- _About this exercise_
Tally every line below where "PARTsolutions" appears, then report the total alone.
━━━━━━━━━━━━━━━━━━━━
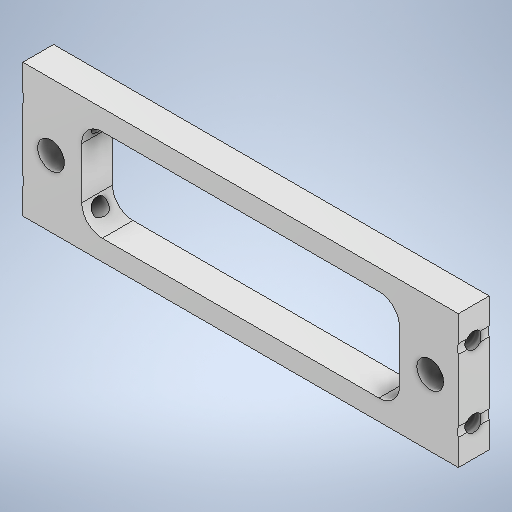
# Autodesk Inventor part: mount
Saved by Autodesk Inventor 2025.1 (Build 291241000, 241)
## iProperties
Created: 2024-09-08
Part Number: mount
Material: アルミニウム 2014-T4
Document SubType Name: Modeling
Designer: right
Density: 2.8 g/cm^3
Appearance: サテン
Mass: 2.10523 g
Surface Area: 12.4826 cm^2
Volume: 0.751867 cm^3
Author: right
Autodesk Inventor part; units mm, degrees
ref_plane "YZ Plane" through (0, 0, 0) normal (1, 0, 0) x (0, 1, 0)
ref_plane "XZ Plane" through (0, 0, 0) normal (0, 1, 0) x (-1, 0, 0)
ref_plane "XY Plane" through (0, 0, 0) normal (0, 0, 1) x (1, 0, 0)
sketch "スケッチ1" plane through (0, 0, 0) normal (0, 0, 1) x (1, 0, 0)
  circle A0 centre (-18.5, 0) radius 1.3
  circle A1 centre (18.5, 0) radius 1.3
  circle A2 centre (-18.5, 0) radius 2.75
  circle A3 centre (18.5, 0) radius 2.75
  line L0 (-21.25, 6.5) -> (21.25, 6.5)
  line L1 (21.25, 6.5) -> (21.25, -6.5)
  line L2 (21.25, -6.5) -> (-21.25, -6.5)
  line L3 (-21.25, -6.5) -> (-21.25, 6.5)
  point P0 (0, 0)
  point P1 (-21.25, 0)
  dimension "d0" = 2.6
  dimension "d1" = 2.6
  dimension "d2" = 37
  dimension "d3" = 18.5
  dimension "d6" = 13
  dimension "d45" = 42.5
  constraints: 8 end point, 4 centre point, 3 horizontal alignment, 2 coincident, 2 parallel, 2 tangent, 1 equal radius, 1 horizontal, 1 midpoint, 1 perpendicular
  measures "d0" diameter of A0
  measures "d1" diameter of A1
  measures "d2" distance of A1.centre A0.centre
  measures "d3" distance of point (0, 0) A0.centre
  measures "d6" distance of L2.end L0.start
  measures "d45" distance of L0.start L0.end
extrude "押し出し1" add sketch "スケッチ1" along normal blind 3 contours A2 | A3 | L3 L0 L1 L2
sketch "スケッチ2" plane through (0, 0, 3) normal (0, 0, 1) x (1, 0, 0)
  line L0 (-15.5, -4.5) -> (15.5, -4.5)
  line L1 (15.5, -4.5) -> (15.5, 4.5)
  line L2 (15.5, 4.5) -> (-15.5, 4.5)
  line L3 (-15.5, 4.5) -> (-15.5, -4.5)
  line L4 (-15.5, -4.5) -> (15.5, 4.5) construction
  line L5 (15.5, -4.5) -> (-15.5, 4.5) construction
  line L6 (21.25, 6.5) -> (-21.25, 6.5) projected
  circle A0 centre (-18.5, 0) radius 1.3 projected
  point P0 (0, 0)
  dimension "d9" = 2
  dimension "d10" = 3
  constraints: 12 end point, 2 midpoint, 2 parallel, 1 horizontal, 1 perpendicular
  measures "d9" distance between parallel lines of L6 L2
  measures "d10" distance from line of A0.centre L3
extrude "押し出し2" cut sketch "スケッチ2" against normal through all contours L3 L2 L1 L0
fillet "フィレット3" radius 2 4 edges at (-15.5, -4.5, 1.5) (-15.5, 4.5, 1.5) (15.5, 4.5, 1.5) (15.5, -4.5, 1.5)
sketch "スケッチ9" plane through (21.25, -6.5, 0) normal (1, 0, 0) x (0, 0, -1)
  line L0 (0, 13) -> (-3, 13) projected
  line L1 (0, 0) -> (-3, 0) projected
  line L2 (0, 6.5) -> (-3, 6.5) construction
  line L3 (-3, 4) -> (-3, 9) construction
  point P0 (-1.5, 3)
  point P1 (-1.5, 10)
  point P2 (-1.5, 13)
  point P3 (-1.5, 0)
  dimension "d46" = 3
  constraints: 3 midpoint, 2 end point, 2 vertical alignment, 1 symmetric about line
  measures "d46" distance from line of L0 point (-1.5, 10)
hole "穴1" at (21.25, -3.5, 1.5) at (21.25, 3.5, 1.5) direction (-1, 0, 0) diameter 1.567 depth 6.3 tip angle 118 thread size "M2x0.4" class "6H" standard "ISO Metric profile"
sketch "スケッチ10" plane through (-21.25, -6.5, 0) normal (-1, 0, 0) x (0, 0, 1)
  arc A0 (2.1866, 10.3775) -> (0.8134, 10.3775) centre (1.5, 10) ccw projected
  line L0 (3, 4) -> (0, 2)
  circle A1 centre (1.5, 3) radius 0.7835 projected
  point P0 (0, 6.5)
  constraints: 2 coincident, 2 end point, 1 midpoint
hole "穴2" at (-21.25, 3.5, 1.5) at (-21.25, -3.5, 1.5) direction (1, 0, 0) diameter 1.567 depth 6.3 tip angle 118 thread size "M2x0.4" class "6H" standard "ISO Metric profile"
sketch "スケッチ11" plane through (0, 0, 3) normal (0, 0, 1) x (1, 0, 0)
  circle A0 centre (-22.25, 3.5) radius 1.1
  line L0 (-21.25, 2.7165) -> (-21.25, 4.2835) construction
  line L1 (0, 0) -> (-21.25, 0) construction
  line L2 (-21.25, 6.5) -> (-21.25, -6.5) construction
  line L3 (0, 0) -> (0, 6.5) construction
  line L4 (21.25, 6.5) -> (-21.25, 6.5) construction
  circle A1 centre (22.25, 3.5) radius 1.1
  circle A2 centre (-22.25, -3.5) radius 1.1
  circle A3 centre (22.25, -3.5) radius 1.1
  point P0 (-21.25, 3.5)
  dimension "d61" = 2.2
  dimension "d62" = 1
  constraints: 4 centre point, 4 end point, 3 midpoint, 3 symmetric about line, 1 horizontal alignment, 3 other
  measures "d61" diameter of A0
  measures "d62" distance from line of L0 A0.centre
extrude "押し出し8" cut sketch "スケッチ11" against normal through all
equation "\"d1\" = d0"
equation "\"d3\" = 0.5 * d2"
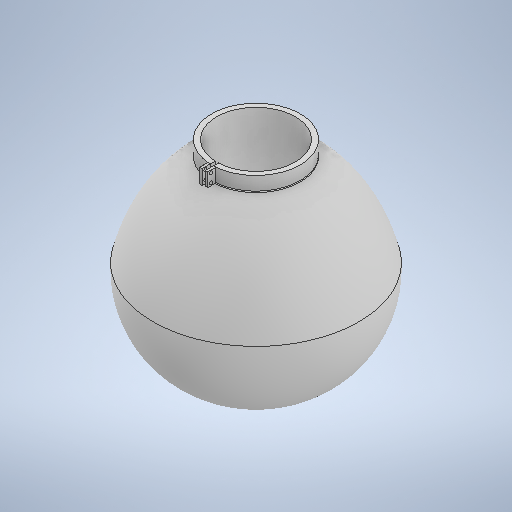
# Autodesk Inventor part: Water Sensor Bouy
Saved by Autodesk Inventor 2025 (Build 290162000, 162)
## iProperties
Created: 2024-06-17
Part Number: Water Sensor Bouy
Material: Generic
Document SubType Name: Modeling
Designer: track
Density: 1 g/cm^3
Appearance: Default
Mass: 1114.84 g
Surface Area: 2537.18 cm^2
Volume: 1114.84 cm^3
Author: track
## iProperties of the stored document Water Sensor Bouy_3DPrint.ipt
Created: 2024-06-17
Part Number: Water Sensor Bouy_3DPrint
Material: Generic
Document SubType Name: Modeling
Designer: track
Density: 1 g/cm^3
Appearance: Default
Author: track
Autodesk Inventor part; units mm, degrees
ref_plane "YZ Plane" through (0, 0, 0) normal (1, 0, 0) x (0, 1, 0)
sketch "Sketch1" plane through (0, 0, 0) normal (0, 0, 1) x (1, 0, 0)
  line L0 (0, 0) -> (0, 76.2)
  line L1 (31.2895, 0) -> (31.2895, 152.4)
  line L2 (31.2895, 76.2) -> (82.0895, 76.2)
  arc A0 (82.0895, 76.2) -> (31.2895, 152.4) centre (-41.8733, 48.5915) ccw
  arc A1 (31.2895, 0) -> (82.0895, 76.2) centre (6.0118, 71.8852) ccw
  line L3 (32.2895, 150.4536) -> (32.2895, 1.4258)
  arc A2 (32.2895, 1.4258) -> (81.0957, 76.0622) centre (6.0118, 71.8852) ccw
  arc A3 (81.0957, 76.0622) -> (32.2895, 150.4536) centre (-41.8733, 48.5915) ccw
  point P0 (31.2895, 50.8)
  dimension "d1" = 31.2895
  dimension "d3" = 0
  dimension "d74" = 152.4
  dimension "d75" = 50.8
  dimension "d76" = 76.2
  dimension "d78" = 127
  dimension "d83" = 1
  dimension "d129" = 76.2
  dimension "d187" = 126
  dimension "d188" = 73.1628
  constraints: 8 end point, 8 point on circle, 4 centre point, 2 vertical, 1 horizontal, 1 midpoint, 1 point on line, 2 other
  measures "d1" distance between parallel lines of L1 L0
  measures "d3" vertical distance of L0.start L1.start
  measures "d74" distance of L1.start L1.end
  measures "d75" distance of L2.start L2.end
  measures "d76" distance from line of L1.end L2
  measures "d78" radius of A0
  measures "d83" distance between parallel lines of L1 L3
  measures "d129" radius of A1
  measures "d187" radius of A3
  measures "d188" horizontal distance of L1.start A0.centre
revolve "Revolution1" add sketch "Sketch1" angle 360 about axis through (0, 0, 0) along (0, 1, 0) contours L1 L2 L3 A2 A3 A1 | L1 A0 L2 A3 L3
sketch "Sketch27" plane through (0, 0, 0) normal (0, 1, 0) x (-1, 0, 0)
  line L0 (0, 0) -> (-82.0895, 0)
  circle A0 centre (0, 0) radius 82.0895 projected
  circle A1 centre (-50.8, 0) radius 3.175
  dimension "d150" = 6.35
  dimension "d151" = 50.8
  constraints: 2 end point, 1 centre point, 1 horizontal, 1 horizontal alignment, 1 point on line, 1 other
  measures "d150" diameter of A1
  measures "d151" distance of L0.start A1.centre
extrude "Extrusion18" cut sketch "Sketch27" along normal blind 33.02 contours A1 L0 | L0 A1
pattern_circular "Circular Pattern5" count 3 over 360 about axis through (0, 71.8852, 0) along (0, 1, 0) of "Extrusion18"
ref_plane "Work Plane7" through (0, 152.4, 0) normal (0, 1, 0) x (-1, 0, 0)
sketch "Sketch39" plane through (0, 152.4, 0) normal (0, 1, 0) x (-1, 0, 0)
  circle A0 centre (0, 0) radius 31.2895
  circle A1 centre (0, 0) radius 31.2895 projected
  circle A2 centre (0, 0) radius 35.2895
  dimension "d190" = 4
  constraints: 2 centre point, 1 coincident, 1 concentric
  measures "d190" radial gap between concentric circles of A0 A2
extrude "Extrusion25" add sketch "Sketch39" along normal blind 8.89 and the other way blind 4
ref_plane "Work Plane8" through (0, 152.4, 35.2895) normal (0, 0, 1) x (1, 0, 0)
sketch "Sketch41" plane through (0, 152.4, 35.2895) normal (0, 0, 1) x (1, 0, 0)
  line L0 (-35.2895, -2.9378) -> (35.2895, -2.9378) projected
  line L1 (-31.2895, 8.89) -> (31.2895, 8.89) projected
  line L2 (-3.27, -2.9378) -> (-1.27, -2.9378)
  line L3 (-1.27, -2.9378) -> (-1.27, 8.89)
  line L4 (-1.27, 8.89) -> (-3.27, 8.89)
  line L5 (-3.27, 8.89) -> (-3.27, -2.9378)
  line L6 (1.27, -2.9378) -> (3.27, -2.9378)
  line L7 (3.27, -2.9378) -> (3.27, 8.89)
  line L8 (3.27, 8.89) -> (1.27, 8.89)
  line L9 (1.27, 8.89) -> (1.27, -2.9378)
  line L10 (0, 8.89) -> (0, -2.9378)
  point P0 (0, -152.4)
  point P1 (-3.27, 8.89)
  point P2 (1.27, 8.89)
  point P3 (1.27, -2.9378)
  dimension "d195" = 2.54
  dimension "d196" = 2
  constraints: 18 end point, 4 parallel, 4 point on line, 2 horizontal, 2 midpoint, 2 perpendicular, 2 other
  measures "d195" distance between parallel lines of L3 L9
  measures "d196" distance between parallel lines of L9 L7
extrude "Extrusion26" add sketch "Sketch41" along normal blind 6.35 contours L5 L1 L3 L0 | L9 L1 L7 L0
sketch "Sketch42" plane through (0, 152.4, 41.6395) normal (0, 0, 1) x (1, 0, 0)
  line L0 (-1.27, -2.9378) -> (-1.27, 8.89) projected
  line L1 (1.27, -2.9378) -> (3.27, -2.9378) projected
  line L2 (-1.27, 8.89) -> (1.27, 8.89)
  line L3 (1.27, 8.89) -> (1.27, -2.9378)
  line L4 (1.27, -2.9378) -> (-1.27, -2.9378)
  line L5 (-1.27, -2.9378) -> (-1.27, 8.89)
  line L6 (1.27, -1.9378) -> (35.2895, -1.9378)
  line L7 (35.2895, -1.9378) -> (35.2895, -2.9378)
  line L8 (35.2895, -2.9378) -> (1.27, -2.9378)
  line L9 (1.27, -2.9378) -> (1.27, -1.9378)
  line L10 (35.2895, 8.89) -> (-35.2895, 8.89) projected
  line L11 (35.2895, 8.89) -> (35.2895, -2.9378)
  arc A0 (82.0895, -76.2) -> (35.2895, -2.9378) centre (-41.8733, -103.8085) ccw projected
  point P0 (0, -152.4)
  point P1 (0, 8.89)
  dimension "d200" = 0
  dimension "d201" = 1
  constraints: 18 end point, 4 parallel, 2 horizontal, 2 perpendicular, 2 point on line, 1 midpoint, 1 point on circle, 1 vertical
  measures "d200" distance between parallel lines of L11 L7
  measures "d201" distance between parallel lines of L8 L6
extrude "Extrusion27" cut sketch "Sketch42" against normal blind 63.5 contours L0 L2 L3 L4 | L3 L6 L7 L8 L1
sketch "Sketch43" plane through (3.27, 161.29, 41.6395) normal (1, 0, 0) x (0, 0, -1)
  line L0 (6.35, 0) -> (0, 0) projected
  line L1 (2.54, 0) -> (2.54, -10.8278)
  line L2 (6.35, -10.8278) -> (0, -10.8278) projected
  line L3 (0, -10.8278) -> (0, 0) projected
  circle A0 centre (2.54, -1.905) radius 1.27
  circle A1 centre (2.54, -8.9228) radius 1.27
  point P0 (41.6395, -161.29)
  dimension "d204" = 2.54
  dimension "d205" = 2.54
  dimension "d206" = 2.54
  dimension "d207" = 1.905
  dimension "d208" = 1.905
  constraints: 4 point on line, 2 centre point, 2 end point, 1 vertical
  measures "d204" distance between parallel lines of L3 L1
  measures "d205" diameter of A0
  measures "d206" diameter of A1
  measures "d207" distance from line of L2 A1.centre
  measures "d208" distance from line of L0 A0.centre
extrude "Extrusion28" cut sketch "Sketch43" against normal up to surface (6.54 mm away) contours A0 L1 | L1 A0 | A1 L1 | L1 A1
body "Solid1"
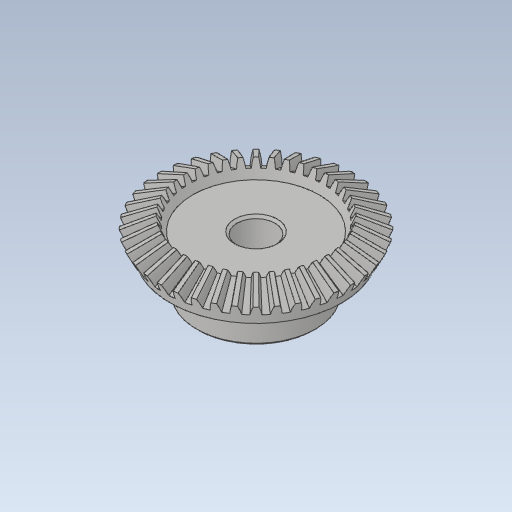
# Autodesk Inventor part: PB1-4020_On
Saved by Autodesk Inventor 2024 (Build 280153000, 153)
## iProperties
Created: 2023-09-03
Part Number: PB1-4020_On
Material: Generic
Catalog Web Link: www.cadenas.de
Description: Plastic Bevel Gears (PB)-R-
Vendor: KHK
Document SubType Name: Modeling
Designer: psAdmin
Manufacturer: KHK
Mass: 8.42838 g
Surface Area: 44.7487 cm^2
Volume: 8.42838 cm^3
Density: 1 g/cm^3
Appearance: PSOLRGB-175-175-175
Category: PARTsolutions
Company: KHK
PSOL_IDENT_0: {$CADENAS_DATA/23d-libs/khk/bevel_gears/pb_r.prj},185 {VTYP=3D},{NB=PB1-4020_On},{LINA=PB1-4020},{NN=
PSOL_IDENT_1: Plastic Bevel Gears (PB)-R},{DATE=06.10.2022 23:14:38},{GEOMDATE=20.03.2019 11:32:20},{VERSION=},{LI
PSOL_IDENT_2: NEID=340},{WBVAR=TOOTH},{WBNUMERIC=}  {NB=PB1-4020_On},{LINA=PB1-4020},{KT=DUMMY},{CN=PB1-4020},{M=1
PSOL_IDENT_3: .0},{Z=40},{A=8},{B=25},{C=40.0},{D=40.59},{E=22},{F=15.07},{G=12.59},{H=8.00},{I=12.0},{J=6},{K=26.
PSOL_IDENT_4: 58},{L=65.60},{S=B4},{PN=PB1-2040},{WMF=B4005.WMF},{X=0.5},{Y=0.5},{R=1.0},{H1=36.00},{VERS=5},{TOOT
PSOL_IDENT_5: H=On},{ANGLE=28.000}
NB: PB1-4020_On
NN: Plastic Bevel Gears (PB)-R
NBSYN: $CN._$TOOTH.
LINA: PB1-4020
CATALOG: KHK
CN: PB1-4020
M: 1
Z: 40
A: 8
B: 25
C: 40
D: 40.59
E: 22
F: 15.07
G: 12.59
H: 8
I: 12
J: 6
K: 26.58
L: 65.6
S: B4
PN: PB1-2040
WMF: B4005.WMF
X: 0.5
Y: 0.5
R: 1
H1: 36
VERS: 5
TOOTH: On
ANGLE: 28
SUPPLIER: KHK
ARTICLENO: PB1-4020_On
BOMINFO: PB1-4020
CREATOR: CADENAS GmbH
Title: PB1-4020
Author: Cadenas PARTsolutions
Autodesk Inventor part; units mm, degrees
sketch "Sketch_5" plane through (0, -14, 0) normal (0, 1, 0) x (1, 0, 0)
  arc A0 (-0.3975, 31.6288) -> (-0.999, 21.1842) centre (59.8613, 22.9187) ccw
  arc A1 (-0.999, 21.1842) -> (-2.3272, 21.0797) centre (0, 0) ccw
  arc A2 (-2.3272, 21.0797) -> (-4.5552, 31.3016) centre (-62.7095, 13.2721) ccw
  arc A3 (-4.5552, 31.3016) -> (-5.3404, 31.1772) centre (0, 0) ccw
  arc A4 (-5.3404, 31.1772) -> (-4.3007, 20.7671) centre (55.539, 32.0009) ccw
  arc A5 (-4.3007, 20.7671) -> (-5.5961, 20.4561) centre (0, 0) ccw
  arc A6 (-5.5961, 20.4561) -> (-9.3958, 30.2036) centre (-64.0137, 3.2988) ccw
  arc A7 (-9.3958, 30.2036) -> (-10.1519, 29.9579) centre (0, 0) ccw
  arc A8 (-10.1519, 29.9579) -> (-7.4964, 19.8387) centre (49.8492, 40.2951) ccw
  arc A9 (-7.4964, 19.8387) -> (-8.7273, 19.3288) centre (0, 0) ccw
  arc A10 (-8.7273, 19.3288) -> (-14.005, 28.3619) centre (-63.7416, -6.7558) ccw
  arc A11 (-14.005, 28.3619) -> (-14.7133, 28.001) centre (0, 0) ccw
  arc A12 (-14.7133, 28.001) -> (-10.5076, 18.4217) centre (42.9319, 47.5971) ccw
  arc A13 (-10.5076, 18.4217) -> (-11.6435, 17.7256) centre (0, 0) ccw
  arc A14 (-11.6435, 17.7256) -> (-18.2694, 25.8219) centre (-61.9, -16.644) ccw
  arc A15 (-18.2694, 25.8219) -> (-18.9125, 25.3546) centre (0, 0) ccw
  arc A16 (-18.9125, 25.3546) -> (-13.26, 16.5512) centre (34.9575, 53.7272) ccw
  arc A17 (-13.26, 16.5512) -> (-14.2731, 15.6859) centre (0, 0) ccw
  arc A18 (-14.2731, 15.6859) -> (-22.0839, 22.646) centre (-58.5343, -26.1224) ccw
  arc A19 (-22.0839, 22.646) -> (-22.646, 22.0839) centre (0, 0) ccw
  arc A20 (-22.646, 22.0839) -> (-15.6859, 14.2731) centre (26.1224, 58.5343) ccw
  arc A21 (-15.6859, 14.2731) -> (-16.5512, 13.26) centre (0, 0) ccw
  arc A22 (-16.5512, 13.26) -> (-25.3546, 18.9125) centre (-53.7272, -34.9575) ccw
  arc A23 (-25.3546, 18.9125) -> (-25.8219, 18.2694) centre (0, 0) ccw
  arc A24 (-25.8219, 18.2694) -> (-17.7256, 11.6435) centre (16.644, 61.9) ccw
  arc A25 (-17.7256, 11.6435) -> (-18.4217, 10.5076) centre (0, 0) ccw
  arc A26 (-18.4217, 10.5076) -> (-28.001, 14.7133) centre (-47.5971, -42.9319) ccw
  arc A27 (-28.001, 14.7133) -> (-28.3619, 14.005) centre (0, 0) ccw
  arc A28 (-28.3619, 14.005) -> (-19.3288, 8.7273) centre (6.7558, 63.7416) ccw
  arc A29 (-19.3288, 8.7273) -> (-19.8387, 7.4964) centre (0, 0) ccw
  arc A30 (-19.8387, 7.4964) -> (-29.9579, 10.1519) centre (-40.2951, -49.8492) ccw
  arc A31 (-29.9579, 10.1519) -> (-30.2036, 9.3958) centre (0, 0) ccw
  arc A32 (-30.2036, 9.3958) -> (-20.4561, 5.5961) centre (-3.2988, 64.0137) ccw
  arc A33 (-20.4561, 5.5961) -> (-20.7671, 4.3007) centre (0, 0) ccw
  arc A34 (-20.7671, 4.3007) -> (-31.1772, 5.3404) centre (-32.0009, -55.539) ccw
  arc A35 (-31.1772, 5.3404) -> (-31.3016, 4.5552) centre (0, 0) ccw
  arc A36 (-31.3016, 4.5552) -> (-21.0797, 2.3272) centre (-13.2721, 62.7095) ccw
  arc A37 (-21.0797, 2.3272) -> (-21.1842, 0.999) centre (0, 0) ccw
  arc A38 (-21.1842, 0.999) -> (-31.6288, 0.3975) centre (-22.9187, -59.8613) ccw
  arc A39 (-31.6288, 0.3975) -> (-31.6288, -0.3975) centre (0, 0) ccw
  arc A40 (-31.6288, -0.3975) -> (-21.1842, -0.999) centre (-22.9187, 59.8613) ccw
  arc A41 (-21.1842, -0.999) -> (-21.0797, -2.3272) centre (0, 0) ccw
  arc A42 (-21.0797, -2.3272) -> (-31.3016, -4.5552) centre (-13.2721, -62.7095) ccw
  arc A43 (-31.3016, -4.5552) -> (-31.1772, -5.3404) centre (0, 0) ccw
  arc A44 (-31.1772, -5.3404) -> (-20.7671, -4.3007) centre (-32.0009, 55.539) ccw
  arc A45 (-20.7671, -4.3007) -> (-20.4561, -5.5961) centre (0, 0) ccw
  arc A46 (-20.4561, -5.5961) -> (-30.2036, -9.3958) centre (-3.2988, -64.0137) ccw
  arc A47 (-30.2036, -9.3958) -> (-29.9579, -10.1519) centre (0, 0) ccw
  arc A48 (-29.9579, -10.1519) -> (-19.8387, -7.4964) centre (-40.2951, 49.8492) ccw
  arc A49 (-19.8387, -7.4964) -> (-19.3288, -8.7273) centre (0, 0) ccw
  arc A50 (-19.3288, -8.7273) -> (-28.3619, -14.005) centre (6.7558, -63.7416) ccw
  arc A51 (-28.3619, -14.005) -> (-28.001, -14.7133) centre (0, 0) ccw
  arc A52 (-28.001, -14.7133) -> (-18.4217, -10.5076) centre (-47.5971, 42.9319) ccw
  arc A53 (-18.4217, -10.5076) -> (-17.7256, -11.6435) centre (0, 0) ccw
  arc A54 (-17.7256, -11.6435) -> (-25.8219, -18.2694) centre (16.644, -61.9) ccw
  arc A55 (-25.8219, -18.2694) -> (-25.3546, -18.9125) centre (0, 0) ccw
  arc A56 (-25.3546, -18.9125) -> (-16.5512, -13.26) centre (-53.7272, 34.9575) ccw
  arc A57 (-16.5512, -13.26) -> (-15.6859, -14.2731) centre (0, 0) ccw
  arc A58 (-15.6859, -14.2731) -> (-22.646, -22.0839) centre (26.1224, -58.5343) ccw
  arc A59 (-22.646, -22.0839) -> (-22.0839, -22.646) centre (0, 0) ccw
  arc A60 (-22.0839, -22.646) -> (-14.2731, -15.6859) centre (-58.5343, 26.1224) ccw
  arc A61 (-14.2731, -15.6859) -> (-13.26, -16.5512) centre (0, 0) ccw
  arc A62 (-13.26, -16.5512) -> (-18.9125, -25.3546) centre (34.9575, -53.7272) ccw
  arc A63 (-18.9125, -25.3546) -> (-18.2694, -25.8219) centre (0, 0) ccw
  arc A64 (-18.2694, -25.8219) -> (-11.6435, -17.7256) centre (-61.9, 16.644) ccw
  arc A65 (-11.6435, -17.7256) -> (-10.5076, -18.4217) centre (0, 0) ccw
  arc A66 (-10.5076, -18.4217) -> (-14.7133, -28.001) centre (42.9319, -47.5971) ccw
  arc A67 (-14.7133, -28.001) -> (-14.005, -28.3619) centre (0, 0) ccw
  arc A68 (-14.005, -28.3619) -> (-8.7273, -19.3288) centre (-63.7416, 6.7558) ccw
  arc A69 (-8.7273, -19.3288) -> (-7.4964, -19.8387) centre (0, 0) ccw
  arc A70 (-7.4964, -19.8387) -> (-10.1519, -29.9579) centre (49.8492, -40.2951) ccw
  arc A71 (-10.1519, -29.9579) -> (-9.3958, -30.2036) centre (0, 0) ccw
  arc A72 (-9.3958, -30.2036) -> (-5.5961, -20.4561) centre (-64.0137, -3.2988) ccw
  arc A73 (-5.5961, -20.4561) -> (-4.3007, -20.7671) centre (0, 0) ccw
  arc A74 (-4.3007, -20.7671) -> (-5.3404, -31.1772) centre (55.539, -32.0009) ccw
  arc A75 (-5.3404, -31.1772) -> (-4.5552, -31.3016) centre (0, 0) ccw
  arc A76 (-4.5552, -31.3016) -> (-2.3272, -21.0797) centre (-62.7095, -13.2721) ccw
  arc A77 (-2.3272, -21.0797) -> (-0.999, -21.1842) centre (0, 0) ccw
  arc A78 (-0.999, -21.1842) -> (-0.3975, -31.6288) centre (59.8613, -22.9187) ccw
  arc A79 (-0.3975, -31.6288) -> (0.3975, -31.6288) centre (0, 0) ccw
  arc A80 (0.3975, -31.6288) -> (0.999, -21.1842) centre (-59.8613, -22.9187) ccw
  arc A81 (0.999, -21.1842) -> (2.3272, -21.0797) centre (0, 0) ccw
━━━━━━━━━━━━━━━━━━━━
- _Expected answer_
2